Data items:

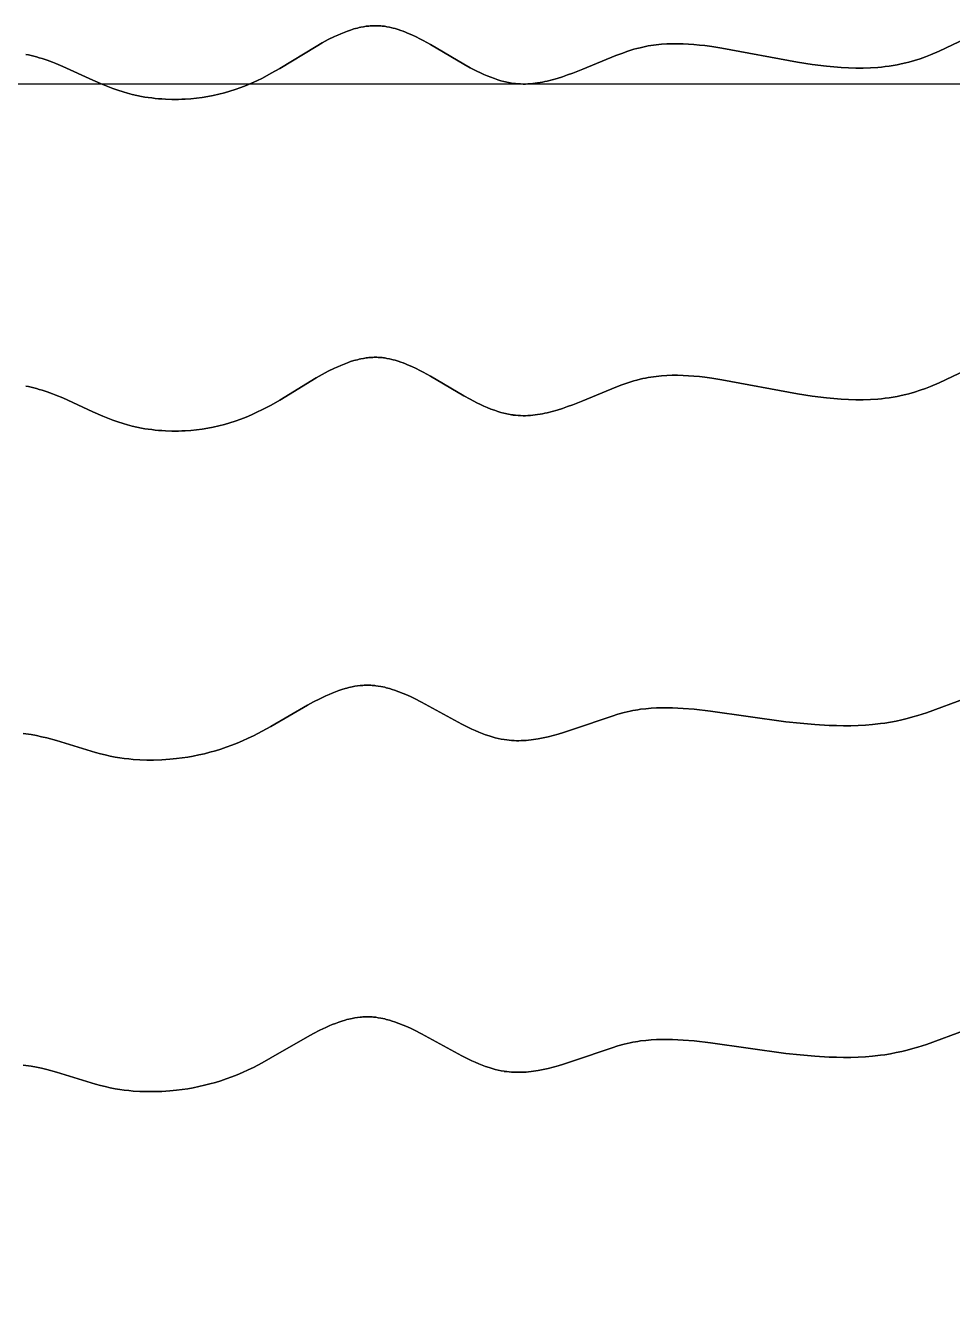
# Model space of a CAD drawing. Header units: feet. Extents: x 0 to 1.5, y 93.18 to 96.08.
# Drawn here: x 0.1875 to 0.375, y 95.752 to 96.0117 of the extents above; entities that cross this region are included whole.
import ezdxf

# ---------------------------------------------------------------- set-up
doc = ezdxf.new("R2010")
doc.units = ezdxf.units.FT
doc.header["$MEASUREMENT"] = 0
doc.layers.add('Default', color=7, linetype='Continuous', true_color=0x000000)

msp = doc.modelspace()

# ---------------------------------------------------------------- linework, layer by layer
at = {"layer": 'Default'}
for points in [[(0.1875, 96.00592), (0.18806, 96.00582), (0.18862, 96.0057), (0.18917, 96.00556), (0.18972, 96.00542), (0.19026, 96.00526), (0.19081, 96.0051), (0.19188, 96.00474), (0.19295, 96.00434), (0.19362, 96.00408), (0.195, 96.00351), (0.2011, 96.00072), (0.20309, 95.99985), (0.2041, 95.99943), (0.20512, 95.99904), (0.20615, 95.99867), (0.2072, 95.99833), (0.20812, 95.99807), (0.20905, 95.99783), (0.20999, 95.99761), (0.21094, 95.99742), (0.21162, 95.9973), (0.21231, 95.9972), (0.213, 95.99711), (0.2137, 95.99703), (0.21439, 95.99696), (0.21508, 95.99691), (0.21578, 95.99687), (0.2171, 95.99682), (0.21845, 95.99682), (0.21913, 95.99684), (0.2198, 95.99687), (0.22094, 95.99695), (0.22208, 95.99706), (0.22322, 95.99721), (0.22435, 95.99739), (0.22547, 95.99761), (0.22659, 95.99786), (0.2277, 95.99814), (0.2288, 95.99846), (0.22991, 95.99882), (0.23102, 95.99921), (0.23212, 95.99964), (0.2332, 96.0001), (0.2343, 96.00061), (0.23539, 96.00115), (0.23716, 96.0021), (0.2389, 96.00309), (0.24629, 96.00756), (0.24751, 96.00826), (0.24874, 96.00892), (0.24999, 96.00954), (0.25063, 96.00983), (0.25128, 96.01012), (0.25193, 96.01038), (0.25259, 96.01063), (0.25325, 96.01086), (0.25391, 96.01107), (0.25426, 96.01117), (0.25462, 96.01126), (0.25497, 96.01134), (0.25532, 96.01142), (0.25586, 96.01152), (0.25613, 96.01157), (0.2564, 96.01161), (0.25667, 96.01164), (0.25694, 96.01167), (0.25721, 96.0117), (0.25747, 96.01172), (0.25775, 96.01173), (0.25802, 96.01174), (0.25829, 96.01174), (0.25856, 96.01174), (0.25883, 96.01173), (0.2591, 96.01172), (0.25937, 96.0117), (0.25965, 96.01167), (0.25989, 96.01164), (0.26013, 96.01161), (0.26037, 96.01157), (0.26061, 96.01153), (0.26109, 96.01144), (0.26156, 96.01133), (0.26189, 96.01124), (0.26223, 96.01115), (0.26288, 96.01095), (0.26343, 96.01076), (0.26388, 96.0106), (0.26433, 96.01043), (0.26477, 96.01025), (0.26565, 96.00986), (0.26651, 96.00946), (0.26723, 96.0091), (0.26795, 96.00872), (0.26938, 96.00793), (0.27614, 96.00398), (0.27747, 96.00324), (0.27882, 96.00254), (0.27951, 96.0022), (0.28021, 96.00188), (0.28091, 96.00157), (0.28162, 96.00129), (0.28234, 96.00102), (0.28306, 96.00078), (0.28366, 96.00059), (0.28428, 96.00043), (0.28458, 96.00035), (0.28489, 96.00028), (0.2852, 96.00022), (0.28552, 96.00016), (0.28581, 96.00011), (0.28611, 96.00007), (0.28614, 96.00006), (0.28664, 96.00001), (0.28714, 95.99997), (0.28764, 95.99994), (0.28813, 95.99993), (0.28863, 95.99993), (0.28912, 95.99995), (0.28962, 95.99998), (0.29011, 96.00003), (0.2906, 96.00009), (0.29109, 96.00015), (0.29158, 96.00023), (0.29207, 96.00032), (0.29256, 96.00042), (0.29304, 96.00053), (0.29401, 96.00078), (0.29505, 96.00107), (0.2961, 96.0014), (0.29714, 96.00176), (0.29818, 96.00214), (0.30024, 96.00295), (0.3069, 96.00569), (0.30811, 96.00614), (0.30933, 96.00657), (0.30995, 96.00677), (0.31057, 96.00696), (0.31119, 96.00713), (0.31182, 96.00729), (0.31236, 96.00742), (0.3129, 96.00753), (0.31343, 96.00764), (0.31397, 96.00773), (0.31451, 96.00781), (0.31505, 96.00788), (0.3156, 96.00794), (0.31614, 96.00799), (0.31723, 96.00806), (0.31832, 96.0081), (0.31941, 96.0081), (0.32051, 96.00808), (0.32162, 96.00802), (0.32273, 96.00794), (0.32384, 96.00783), (0.32494, 96.00771), (0.32637, 96.00752), (0.32835, 96.00722), (0.34369, 96.00433), (0.34663, 96.00388), (0.34956, 96.00353), (0.35103, 96.00339), (0.35251, 96.00327), (0.35399, 96.0032), (0.35548, 96.00316), (0.35697, 96.00316), (0.35845, 96.00321), (0.35993, 96.00331), (0.36067, 96.00337), (0.3614, 96.00345), (0.36223, 96.00356), (0.36305, 96.00369), (0.36387, 96.00384), (0.36468, 96.004), (0.36561, 96.00422), (0.36618, 96.00437), (0.36733, 96.0047), (0.36846, 96.00506), (0.36959, 96.00546), (0.37058, 96.00584), (0.37235, 96.00658), (0.38043, 96.0104)], [(0.38043, 96.0104), (0.37235, 96.00658), (0.37058, 96.00584), (0.36959, 96.00546), (0.36846, 96.00506), (0.36733, 96.0047), (0.36618, 96.00437), (0.36561, 96.00422), (0.36468, 96.004), (0.36387, 96.00384), (0.36305, 96.00369), (0.36223, 96.00356), (0.3614, 96.00345), (0.36067, 96.00337), (0.35993, 96.00331), (0.35845, 96.00321), (0.35697, 96.00316), (0.35548, 96.00316), (0.35399, 96.0032), (0.35251, 96.00327), (0.35103, 96.00339), (0.34956, 96.00353), (0.34663, 96.00388), (0.34369, 96.00433), (0.32835, 96.00722), (0.32637, 96.00752), (0.32494, 96.00771), (0.32384, 96.00783), (0.32273, 96.00794), (0.32162, 96.00802), (0.32051, 96.00808), (0.31941, 96.0081), (0.31832, 96.0081), (0.31723, 96.00806), (0.31614, 96.00799), (0.3156, 96.00794), (0.31505, 96.00788), (0.31451, 96.00781), (0.31397, 96.00773), (0.31343, 96.00764), (0.3129, 96.00753), (0.31236, 96.00742), (0.31182, 96.00729), (0.31119, 96.00713), (0.31057, 96.00696), (0.30995, 96.00677), (0.30933, 96.00657), (0.30811, 96.00614), (0.3069, 96.00569), (0.30024, 96.00295), (0.29818, 96.00214), (0.29714, 96.00176), (0.2961, 96.0014), (0.29505, 96.00107), (0.29401, 96.00078), (0.29304, 96.00053), (0.29256, 96.00042), (0.29207, 96.00032), (0.29158, 96.00023), (0.29109, 96.00015), (0.2906, 96.00009), (0.29011, 96.00003), (0.28962, 95.99998), (0.28912, 95.99995), (0.28863, 95.99993), (0.28813, 95.99993), (0.28764, 95.99994), (0.28714, 95.99997), (0.28664, 96.00001), (0.28614, 96.00006), (0.28611, 96.00007), (0.28581, 96.00011), (0.28552, 96.00016), (0.2852, 96.00022), (0.28489, 96.00028), (0.28458, 96.00035), (0.28428, 96.00043), (0.28366, 96.00059), (0.28306, 96.00078), (0.28234, 96.00102), (0.28162, 96.00129), (0.28091, 96.00157), (0.28021, 96.00188), (0.27951, 96.0022), (0.27882, 96.00254), (0.27747, 96.00324), (0.27614, 96.00398), (0.26938, 96.00793), (0.26795, 96.00872), (0.26723, 96.0091), (0.26651, 96.00946), (0.26565, 96.00986), (0.26477, 96.01025), (0.26433, 96.01043), (0.26388, 96.0106), (0.26343, 96.01076), (0.26288, 96.01095), (0.26223, 96.01115), (0.26189, 96.01124), (0.26156, 96.01133), (0.26109, 96.01144), (0.26061, 96.01153), (0.26037, 96.01157), (0.26013, 96.01161), (0.25989, 96.01164), (0.25965, 96.01167), (0.25937, 96.0117), (0.2591, 96.01172), (0.25883, 96.01173), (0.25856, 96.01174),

_Task objective_
The answer must be the lines from the first one in the records through the line containing "color=7, linetype='Continuous', true_color=0x000000)", copied exactly, with no pictures.

_Written answer_
# Model space of a CAD drawing. Header units: feet. Extents: x 0 to 1.5, y 93.18 to 96.08.
# Drawn here: x 0.1875 to 0.375, y 95.752 to 96.0117 of the extents above; entities that cross this region are included whole.
import ezdxf

# ---------------------------------------------------------------- set-up
doc = ezdxf.new("R2010")
doc.units = ezdxf.units.FT
doc.header["$MEASUREMENT"] = 0
doc.layers.add('Default', color=7, linetype='Continuous', true_color=0x000000)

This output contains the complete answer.